MATERIALS PROVIDED
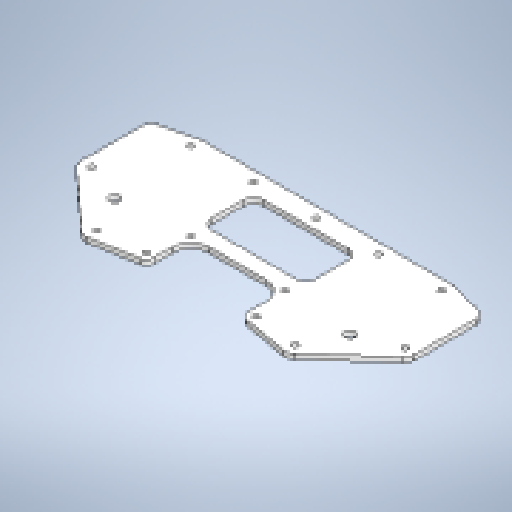
# Autodesk Inventor part: Chassis
Saved by Autodesk Inventor 2023.1 (Build 271208000, 208)
## iProperties
Created: 2022-05-26
Part Number: Chassis
Material: UHMW, White
Document SubType Name: Modeling
Designer: Nathan Cai
Density: 0.94 g/cm^3
Appearance: Smooth - White
Mass: 17.5924 g
Surface Area: 250.439 cm^2
Volume: 18.7153 cm^3
Author: Nathan Cai
Autodesk Inventor part; units mm, degrees
ref_plane "YZ Plane" through (0, 0, 0) normal (1, 0, 0) x (0, 1, 0)
ref_plane "XZ Plane" through (0, 0, 0) normal (0, 1, 0) x (-1, 0, 0)
ref_plane "XY Plane" through (0, 0, 0) normal (0, 0, 1) x (1, 0, 0)
sketch "Sketch1" plane through (0, 0, 0) normal (0, 1, 0) x (-1, 0, 0)
  line L0 (101.6, 38.1) -> (-101.6, 38.1) construction
  line L1 (-101.6, 38.1) -> (-101.6, -38.1) construction
  line L2 (-101.6, -38.1) -> (101.6, -38.1) construction
  line L3 (101.6, -38.1) -> (101.6, 38.1) construction
  line L4 (101.6, 38.1) -> (-101.6, -38.1) construction
  line L5 (-101.6, 38.1) -> (101.6, -38.1) construction
  line L6 (-28.575, 66.675) -> (28.575, 66.675) construction
  line L7 (28.575, 66.675) -> (28.575, 9.525)
  line L8 (28.575, 9.525) -> (-28.575, 9.525) construction
  line L9 (-28.575, 9.525) -> (-28.575, 66.675)
  line L10 (-28.575, 66.675) -> (28.575, 9.525) construction
  line L11 (28.575, 66.675) -> (-28.575, 9.525) construction
  circle A0 centre (-38.1, 50.8) radius 3.175
  line L12 (0, 38.1) -> (0, -38.1) construction
  circle A1 centre (-38.1, 50.8) radius 9.525
  line L13 (-38.1, 60.325) -> (-28.575, 60.325)
  circle A2 centre (38.1, 50.8) radius 3.175
  circle A3 centre (38.1, 50.8) radius 9.525
  line L14 (38.1, 60.325) -> (28.575, 60.325)
  circle A4 centre (-76.2, -38.1) radius 1.7526
  circle A5 centre (-95.25, 3.175) radius 1.7526
  circle A6 centre (76.2, -38.1) radius 1.7526
  circle A7 centre (95.25, 3.175) radius 1.7526
  line L15 (-101.6, -38.1) -> (-101.6, 6.35)
  line L16 (-101.6, 6.35) -> (-44.4797, 57.8728)
  line L17 (101.6, -38.1) -> (101.6, 6.35)
  line L18 (101.6, 6.35) -> (44.4797, 57.8728)
  line L19 (-42.6417, 42.4275) -> (-87.975, 1.5367) construction
  line L20 (-87.975, 1.5367) -> (-87.975, -38.1)
  line L21 (87.975, -38.1) -> (87.975, 1.5367)
  line L22 (87.975, 1.5367) -> (42.6417, 42.4275) construction
  line L23 (0, -38.1) -> (-95.25, -38.1) construction
  line L24 (0, -38.1) -> (95.25, -38.1) construction
  circle A8 centre (-60.325, 35.0287) radius 1.7526
  circle A9 centre (-33.3375, 31.75) radius 1.7526
  line L25 (-38.1, 0) -> (-38.1, 41.275)
  line L26 (-38.1, 0) -> (0, 0) construction
  circle A10 centre (60.325, 35.0287) radius 1.7526
  circle A11 centre (33.3375, 31.75) radius 1.7526
  line L27 (38.1, 0) -> (38.1, 41.275)
  line L28 (38.1, 0) -> (0, 0) construction
  line L29 (-87.975, 0) -> (-65.115, 0)
  line L30 (-65.115, 0) -> (-65.115, -31.75)
  line L31 (-65.115, -31.75) -> (-87.975, -31.75)
  line L32 (-101.6, -38.1) -> (101.6, -38.1) construction
  line L33 (101.6, -38.1) -> (101.6, 19.05)
  line L34 (101.6, 19.05) -> (-101.6, 19.05) construction
  line L35 (-101.6, 19.05) -> (-101.6, -38.1)
  line L36 (-101.6, 19.05) -> (-87.5203, 19.05) construction
  line L37 (87.5203, 19.05) -> (101.6, 19.05) construction
  circle A12 centre (-38.1, 0) radius 3.175 construction
  circle A13 centre (-38.1, 0) radius 6.35 construction
  circle A14 centre (38.1, 0) radius 3.175 construction
  circle A15 centre (38.1, 0) radius 6.35 construction
  circle A16 centre (28.575, 9.525) radius 1.7526
  circle A17 centre (28.575, 9.525) radius 4.7625
  arc A18 (17.0773, 9.525) -> (28.575, 21.0227) centre (17.0773, 21.0227) ccw
  circle A19 centre (-28.575, 9.525) radius 1.7526
  circle A20 centre (-28.575, 9.525) radius 4.7625
  arc A21 (-28.575, 21.0227) -> (-17.0773, 9.525) centre (-17.0773, 21.0227) ccw
  arc A22 (31.4325, 5.715) -> (38.1, 19.05) centre (21.4312, 19.05) ccw
  arc A23 (-38.1, 19.05) -> (-31.4325, 5.715) centre (-21.4312, 19.05) ccw
  line L38 (-61.94, -38.1) -> (-61.94, 25.0204)
  line L39 (87.975, 0) -> (65.115, 0)
  line L40 (65.115, 0) -> (65.115, -31.75)
  line L41 (65.115, -31.75) -> (87.975, -31.75)
  line L42 (61.94, -38.1) -> (61.94, 25.0204)
  line L43 (-28.575, 4.7625) -> (28.575, 4.7625)
  line L44 (101.6, -31.75) -> (-101.6, -31.75)
  line L45 (-101.6, -31.75) -> (-101.6, -44.45) construction
  line L46 (-101.6, -44.45) -> (101.6, -44.45)
  line L47 (101.6, -44.45) -> (101.6, -31.75) construction
  circle A24 centre (0, -38.1) radius 1.7526
  circle A25 centre (38.1, -38.1) radius 1.7526
  circle A26 centre (-38.1, -38.1) radius 1.7526
  line L48 (101.6, -38.1) -> (76.2, -44.45)
  line L49 (-101.6, -38.1) -> (-76.2, -44.45)
  line L50 (76.2, -38.1) -> (76.2, -44.45) construction
  line L51 (-76.2, -38.1) -> (-76.2, -44.45) construction
  line L52 (59.1924, 41.2769) -> (32.488, 36.4361)
  circle A27 centre (60.325, 35.0287) radius 6.35
  circle A28 centre (33.3375, 31.75) radius 4.7625
  line L53 (-59.1924, 41.2769) -> (-32.488, 36.4361)
  circle A29 centre (-60.325, 35.0287) radius 6.35
  circle A30 centre (-33.3375, 31.75) radius 4.7625
  line L54 (-87.975, 0) -> (-65.115, 0)
  line L55 (-65.115, 0) -> (-65.115, -3.175)
  line L56 (-65.115, -3.175) -> (-87.975, -3.175)
  line L57 (-87.975, -3.175) -> (-87.975, 0)
  line L58 (-65.115, -15.875) -> (-87.975, -15.875) construction
  line L59 (-65.115, -28.575) -> (-87.975, -28.575)
  line L60 (-84.8, -38.1) -> (-84.8, 0.1248)
  line L61 (65.115, -3.175) -> (87.975, -3.175)
  line L62 (65.115, -15.875) -> (87.975, -15.875) construction
  line L63 (65.115, -28.575) -> (87.975, -28.575)
  line L64 (84.8, -38.1) -> (84.8, 0.1248)
  line L65 (-31.75, -31.75) -> (31.75, -31.75)
  line L66 (31.75, -31.75) -> (31.75, 0)
  line L67 (31.75, 0) -> (-31.75, 0)
  line L68 (-31.75, 0) -> (-31.75, -31.75)
  circle A31 centre (71.465, 12.7) radius 3.175
  circle A32 centre (-71.465, 12.7) radius 3.175
  line L69 (-17.0773, 9.525) -> (17.0773, 9.525)
  point P0 (28.575, 38.1)
  point P1 (-28.575, 38.1)
  point P2 (28.575, 60.325)
  point P3 (44.4797, 57.8728)
  point P4 (101.6, -15.875)
  point P5 (38.1, 41.275)
  point P6 (-87.975, -31.75)
  point P7 (-101.6, 6.35)
  point P8 (101.6, 6.35)
  point P9 (31.75, 0)
  point P10 (38.1, 6.35)
  point P11 (-38.1, 6.35)
  point P12 (-31.75, 0)
  point P13 (87.975, 0)
  point P14 (61.94, 25.0204)
  point P15 (-17.0773, 9.525)
  point P16 (-28.575, 21.0227)
  point P17 (-38.1, 19.05)
  point P18 (-31.4325, 5.715)
  point P19 (-21.8502, 0)
  point P20 (21.8502, 0)
  point P21 (-25.2074, 12.8926)
  point P22 (-28.575, 14.2875)
  point P23 (-23.8125, 9.525)
  point P24 (-28.575, 50.8)
  point P25 (25.2074, 12.8926)
  point P26 (28.575, 14.2875)
  point P27 (23.8125, 9.525)
  point P28 (28.575, 50.8)
  point P29 (26.8224, 9.525)
  point P30 (28.575, 11.2776)
  point P31 (61.94, -31.75)
  point P32 (-61.94, -31.75)
  point P33 (-28.575, 31.75)
  point P34 (-64.5781, 39.7439)
  point P35 (64.5781, 39.7439)
  point P36 (28.575, 31.75)
  point P37 (-84.8, -3.175)
  point P38 (-84.8, -28.575)
  point P39 (84.8, -3.175)
  point P40 (84.8, -28.575)
  point P41 (31.75, -31.75)
  point P42 (-101.6, -31.75)
  point P43 (31.75, -31.75)
  point P44 (-26.8224, 9.525)
  point P45 (-28.575, 11.2776)
  point P46 (-39.8526, -38.1)
  point P47 (-36.3474, -38.1)
  point P48 (-1.7526, -38.1)
  point P49 (1.7526, -38.1)
  point P50 (36.3474, -38.1)
  point P51 (39.8526, -38.1)
  dimension "d0" = 203.2
  dimension "d1" = 76.2
  dimension "d4" = 57.15
  dimension "d6" = 6.35
  dimension "d7" = 38.1
  dimension "d8" = 19.05
  dimension "d10" = 3.5052
  dimension "d11" = 3.5052
  dimension "d12" = 0
  dimension "d14" = 25.4
  dimension "d15" = 6.35
  dimension "d20" = 50.8
  dimension "d21" = 41.275
  dimension "d22" = 44.45
  dimension "d24" = 12.7
  dimension "d25" = 13.625
  dimension "d26" = 12.7
  dimension "d27" = 13.625
  dimension "d31" = 3.5052
  dimension "d32" = 3.5052
  dimension "d33" = 6.35
  dimension "d34" = 31.75
  dimension "d35" = 4.7625
  dimension "d36" = 22.225
  dimension "d37" = 9.525
  dimension "d39" = 31.75
  dimension "d40" = 6.35
  dimension "d42" = 57.15
  dimension "d43" = 6.35
  dimension "d44" = 9.525
  dimension "d45" = 9.525
  dimension "d46" = 12.7
  dimension "d104" = 3.5052
  dimension "d105" = 9.525
  dimension "d106" = 3.175
  dimension "d107" = 22.86
  dimension "d123" = 88.9
  dimension "d124" = 12.7
  dimension "d125" = 3.5052
  dimension "d126" = 3.5052
  dimension "d127" = 38.1
  dimension "d128" = 28.575
  dimension "d129" = 3.175
  dimension "d130" = 3.175
  dimension "d131" = 31.75
  dimension "d132" = 31.75
  dimension "d133" = 31.75
  dimension "d135" = 6.35
  dimension "d136" = 12.7
  dimension "d137" = 9.525
  constraints: 141 end point, 45 symmetric about line, 28 centre point, 25 point on line, 17 parallel, 16 point on circle, 10 horizontal, 10 perpendicular, 10 tangent, 9 coincident, 9 midpoint, 5 vertical, 1 collinear, 32 other
  measures "d0" distance of L2.end L1.end
  measures "d1" distance between parallel lines of L0 L2
  measures "d4" distance of L7.end L8.end
  measures "d6" diameter of A0
  measures "d7" distance from line of L12 A0.centre
  measures "d8" diameter of A1
  measures "d10" diameter of A4
  measures "d11" diameter of A5
  measures "d12" distance from line of L2 L51.start
  measures "d14" distance from line of L1 L51.start
  measures "d15" distance from line of L1 A5.centre
  measures "d20" distance between parallel lines of L8 L14
  measures "d21" vertical distance of L51.start A5.centre
  measures "d22" distance of L1.end L15.end
  measures "d24" distance between parallel lines of L16 L19
  measures "d25" distance between parallel lines of L15 L20
  measures "d26" distance between parallel lines of L18 L22
  measures "d27" distance from line of point (101.6, -15.875) L21
  measures "d31" diameter of A8
  measures "d32" diameter of A9
  measures "d33" distance from line of L16 A8.centre
  measures "d34" distance from line of L9 A8.centre
  measures "d35" distance from line of L9 A9.centre
  measures "d36" distance from line of L8 A9.centre
  measures "d37" distance between parallel lines of L9 L25
  measures "d39" distance between parallel lines of L31 L29
  measures "d40" distance between parallel lines of L23 L31
  measures "d42" distance of L33.end L32.end
  measures "d43" diameter of A12
  measures "d44" distance from line of L8 A12.centre
  measures "d45" distance from line of L9 A12.centre
  measures "d46" diameter of A13
  measures "d104" diameter of A16
  measures "d105" diameter of A17
  measures "d106" distance between parallel lines of L30 L38
  measures "d107" distance between parallel lines of L20 L30
  measures "d123" distance from line of L32 A1.centre
  measures "d124" distance between parallel lines of L44 L46
  measures "d125" diameter of A24
  measures "d126" diameter of A25
  measures "d127" distance of A24.centre A25.centre
  measures "d128" distance from line of L12 A16.centre
  measures "d129" distance between parallel lines of L29 L56
  measures "d130" distance between parallel lines of L20 L60
  measures "d131" distance between parallel lines of L12 L68
  measures "d132" distance between parallel lines of L12 L66
  measures "d133" distance between parallel lines of L65 L67
  measures "d135" diameter of A31
  measures "d136" distance from line of L39 A31.centre
  measures "d137" distance from line of L42 A31.centre
extrude "Extrusion1" add sketch "Sketch1" along normal blind 3.175 contours A28 L27 A22 A17 L7 | A28 | L7 A17 A18 | L52 L27 A28 | L27 L52 A27 L18 L17 L44 L21 L39 L40 L66 L67 L68 L30 L29 L20 L15 L16 A29 L53 L25 A23 A20 L43 A17 A22 | A27 | A17 | A17 L43 A20 A21 L69 A18 | L17 L48 L46 L49 L15 L44 L31 L41 | A20 | L41 L64 L63 L21 | A23 L25 A30 L9 A20 | A20 L9 A21 | L63 L64 L61 L21 | L41 L40 L63 L64 | L61 L64 L39 L21 | L63 L40 L61 L64 | L25 L53 A30 | A30 | L61 L40 L39 L64 | A29 | L20 L59 L60 L31 | L20 L56 L60 L59 | L60 L59 L30 L31 | L20 L29 L60 L56 | L60 L56 L30 L59 | L60 L29 L30 L56
fillet "Fillet1" radius 6.35 6 edges at (101.6, 1.5875, -38.1) (101.6, 1.5875, 6.35) (-101.6, 1.5875, 6.35) (76.2, 1.5875, -44.45) (-76.2, 1.5875, -44.45) (-101.6, 1.5875, -38.1)
fillet "Fillet5" radius 6.35 4 edges at (31.75, 1.5875, 0) (-31.75, 1.5875, 0) (-31.75, 1.5875, -31.75) (31.75, 1.5875, -31.75)
equation "\"d35\" = 0.5 * d37"
body "Solid1"

WHAT YOU WILL DO
Check each line of the entries for "start" and copy those that have it.

ANSWER SPACE
  measures "d12" distance from line of L2 L51.start
  measures "d14" distance from line of L1 L51.start
  measures "d21" vertical distance of L51.start A5.centre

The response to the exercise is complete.